## Task to complete
Your reply should restate the lines from the top of the entries through the line containing "doc.layers.add(name, color=color, linetype=linetype)" word for word, with no pictures.

## Extracted records
[Start of Attachment]
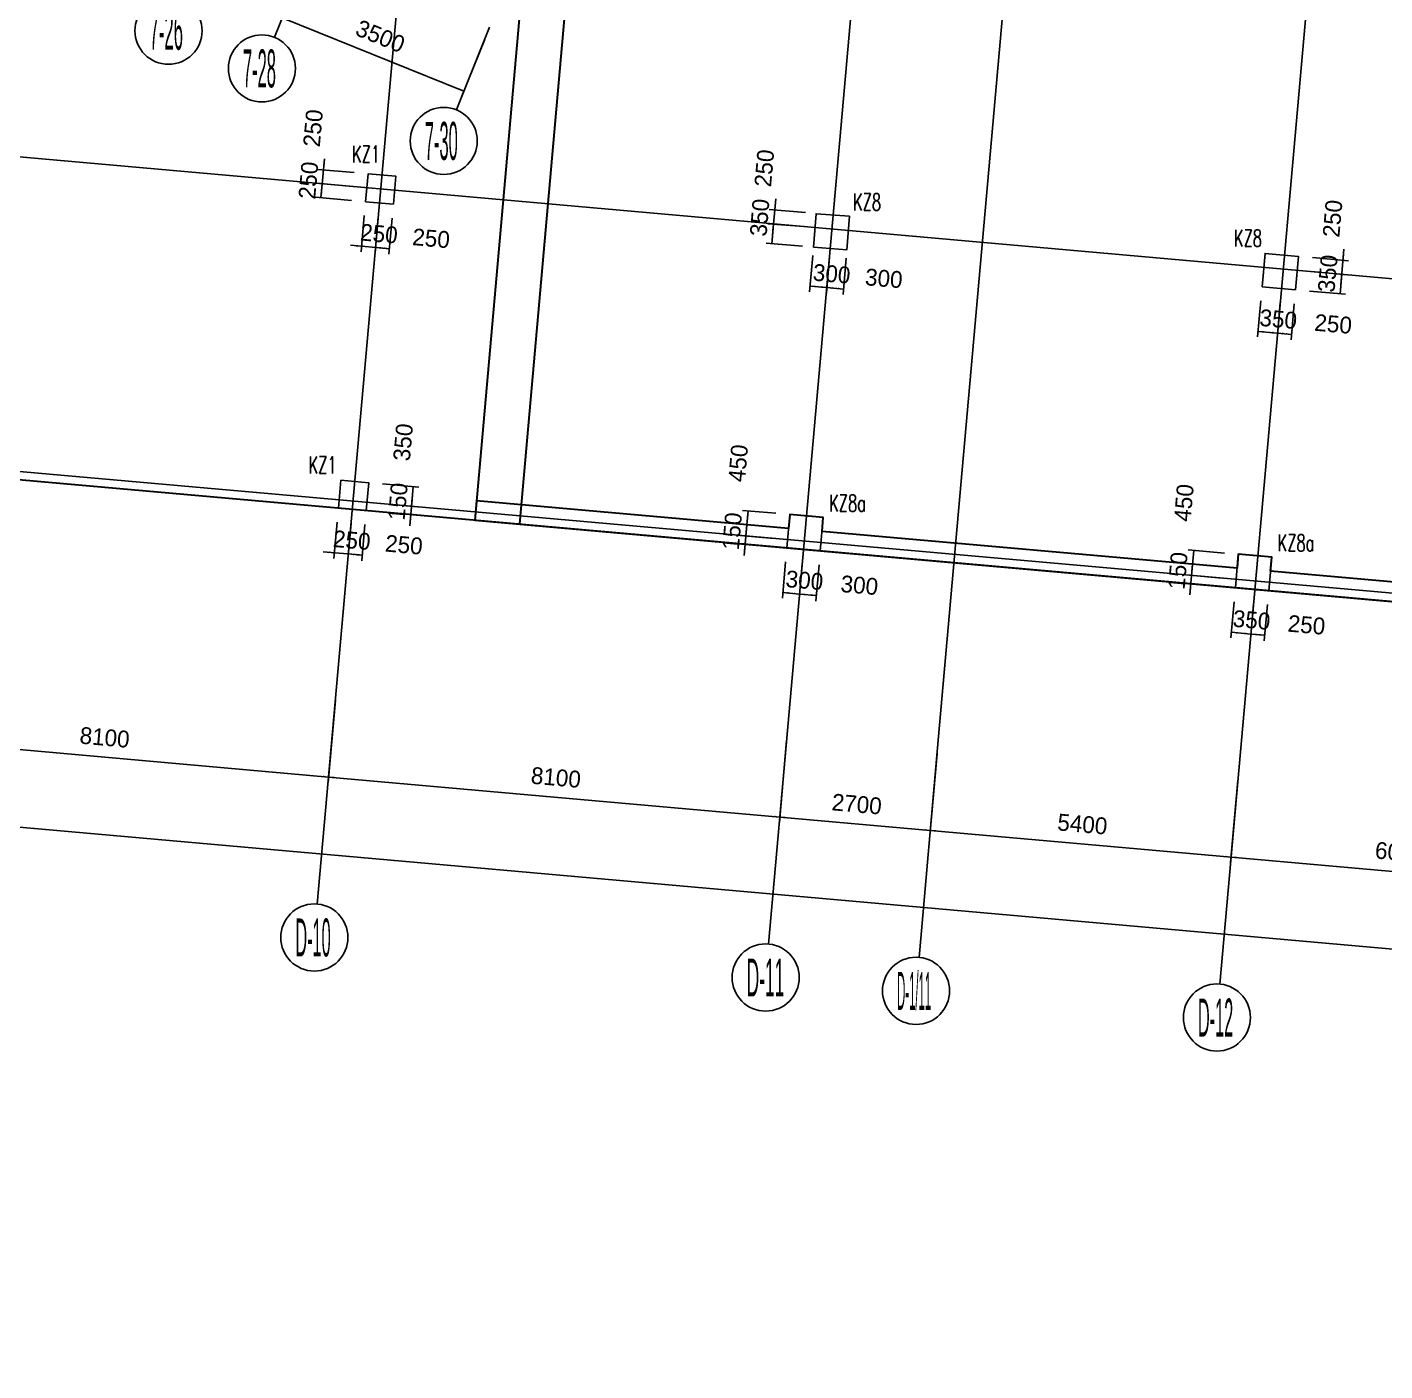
# Model space of a CAD drawing. Extents: x 19107 to 699106, y -67310 to 245688.
# Drawn here: x 550452 to 574726, y 36062 to 60082 of the extents above; entities that cross this region are included whole.
import ezdxf

# ---------------------------------------------------------------- set-up
doc = ezdxf.new("R2010")
doc.units = 0
doc.header["$LTSCALE"] = 100
doc.header["$MEASUREMENT"] = 0
for name, color, linetype in [('DIM', 3, 'Continuous'), ('DOTE', 253, 'Continuous'), ('h后浇带(新)', 1, 'Continuous'), ('L-AXIS', 3, 'Continuous')]:
    doc.layers.add(name, color=color, linetype=linetype)
doc.layers.add('Select Column Frame Position', color=7, linetype='Continuous', lineweight=0)
doc.styles.get("Standard").update_dxf_attribs({"font": 'standard'})
doc.styles.add('汉字', font='汉字')
doc.dimstyles.get("Standard").update_dxf_attribs({"dimtxt": 300, "dimasz": 100, "dimexe": 100, "dimexo": 250, "dimgap": 100, "dimtad": 0, "dimtoh": 1, "dimdec": 0, "dimdsep": 46, "dimcen": 0.09, "dimclrt": 7, "dimadec": 0, "dimazin": 0, "dimtfac": 1, "dimtdec": 4, "dimtofl": 0, "dimtmove": 0, "dimatfit": 3, "dimfxl": 1, "dimtolj": 1, "dimtzin": 0, "dimarcsym": 0})

# ---------------------------------------------------------------- blocks, each defined once
blk = doc.blocks.new('*D2075')
at = {"layer": 'L-AXIS', "color": 0, "linetype": 'ByBlock', "lineweight": -2}
for p, q in [((493507, 53583), (493255, 50741)), ((493264, 50840), (658764, 36162)), ((659008, 38905), (658755, 36062))]:
    blk.add_line(p, q, dxfattribs=at)
for points in [[(493264, 50840), (493365, 50848), (493362, 50815)], [(658764, 36162), (658663, 36154), (658666, 36188)]]:
    blk.add_solid(points, dxfattribs=at)
at = {"layer": 'L-AXIS', "color": 7, "linetype": 'Continuous', "lineweight": -2, "insert": (576045, 43850), "char_height": 300, "width": 1101.67, "attachment_point": 5, "rotation": 354.9316, "style": '汉字'}
blk.add_mtext('166150', dxfattribs=at)
blk = doc.blocks.new('*D5064')
at = {"layer": 'L-AXIS', "color": 0, "linetype": 'ByBlock', "lineweight": -2}
for p, q in [((566720, 47090), (566590, 45625)), ((572099, 46613), (571969, 45148)), ((566599, 45724), (571978, 45247))]:
    blk.add_line(p, q, dxfattribs=at)
for points in [[(566599, 45724), (566700, 45732), (566697, 45699)], [(571978, 45247), (571877, 45239), (571879, 45273)]]:
    blk.add_solid(points, dxfattribs=at)
at = {"layer": 'L-AXIS', "color": 7, "linetype": 'Continuous', "lineweight": -2, "insert": (569319, 45834), "char_height": 300, "width": 785, "attachment_point": 5, "rotation": 354.9316, "style": '汉字'}
blk.add_mtext('5400', dxfattribs=at)
blk = doc.blocks.new('_AXISO')
blk.add_circle((0, 0), 0.5)
blk = doc.blocks.new('*D3377')
at = {"layer": 'L-AXIS', "color": 0, "linetype": 'ByBlock', "lineweight": -2}
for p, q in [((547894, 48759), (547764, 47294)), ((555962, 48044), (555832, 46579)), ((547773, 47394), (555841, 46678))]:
[End of Attachment]
## The answer
# Model space of a CAD drawing. Extents: x 19107 to 699106, y -67310 to 245688.
# Drawn here: x 550452 to 574726, y 36062 to 60082 of the extents above; entities that cross this region are included whole.
import ezdxf

# ---------------------------------------------------------------- set-up
doc = ezdxf.new("R2010")
doc.units = 0
doc.header["$LTSCALE"] = 100
doc.header["$MEASUREMENT"] = 0
for name, color, linetype in [('DIM', 3, 'Continuous'), ('DOTE', 253, 'Continuous'), ('h后浇带(新)', 1, 'Continuous'), ('L-AXIS', 3, 'Continuous')]:
    doc.layers.add(name, color=color, linetype=linetype)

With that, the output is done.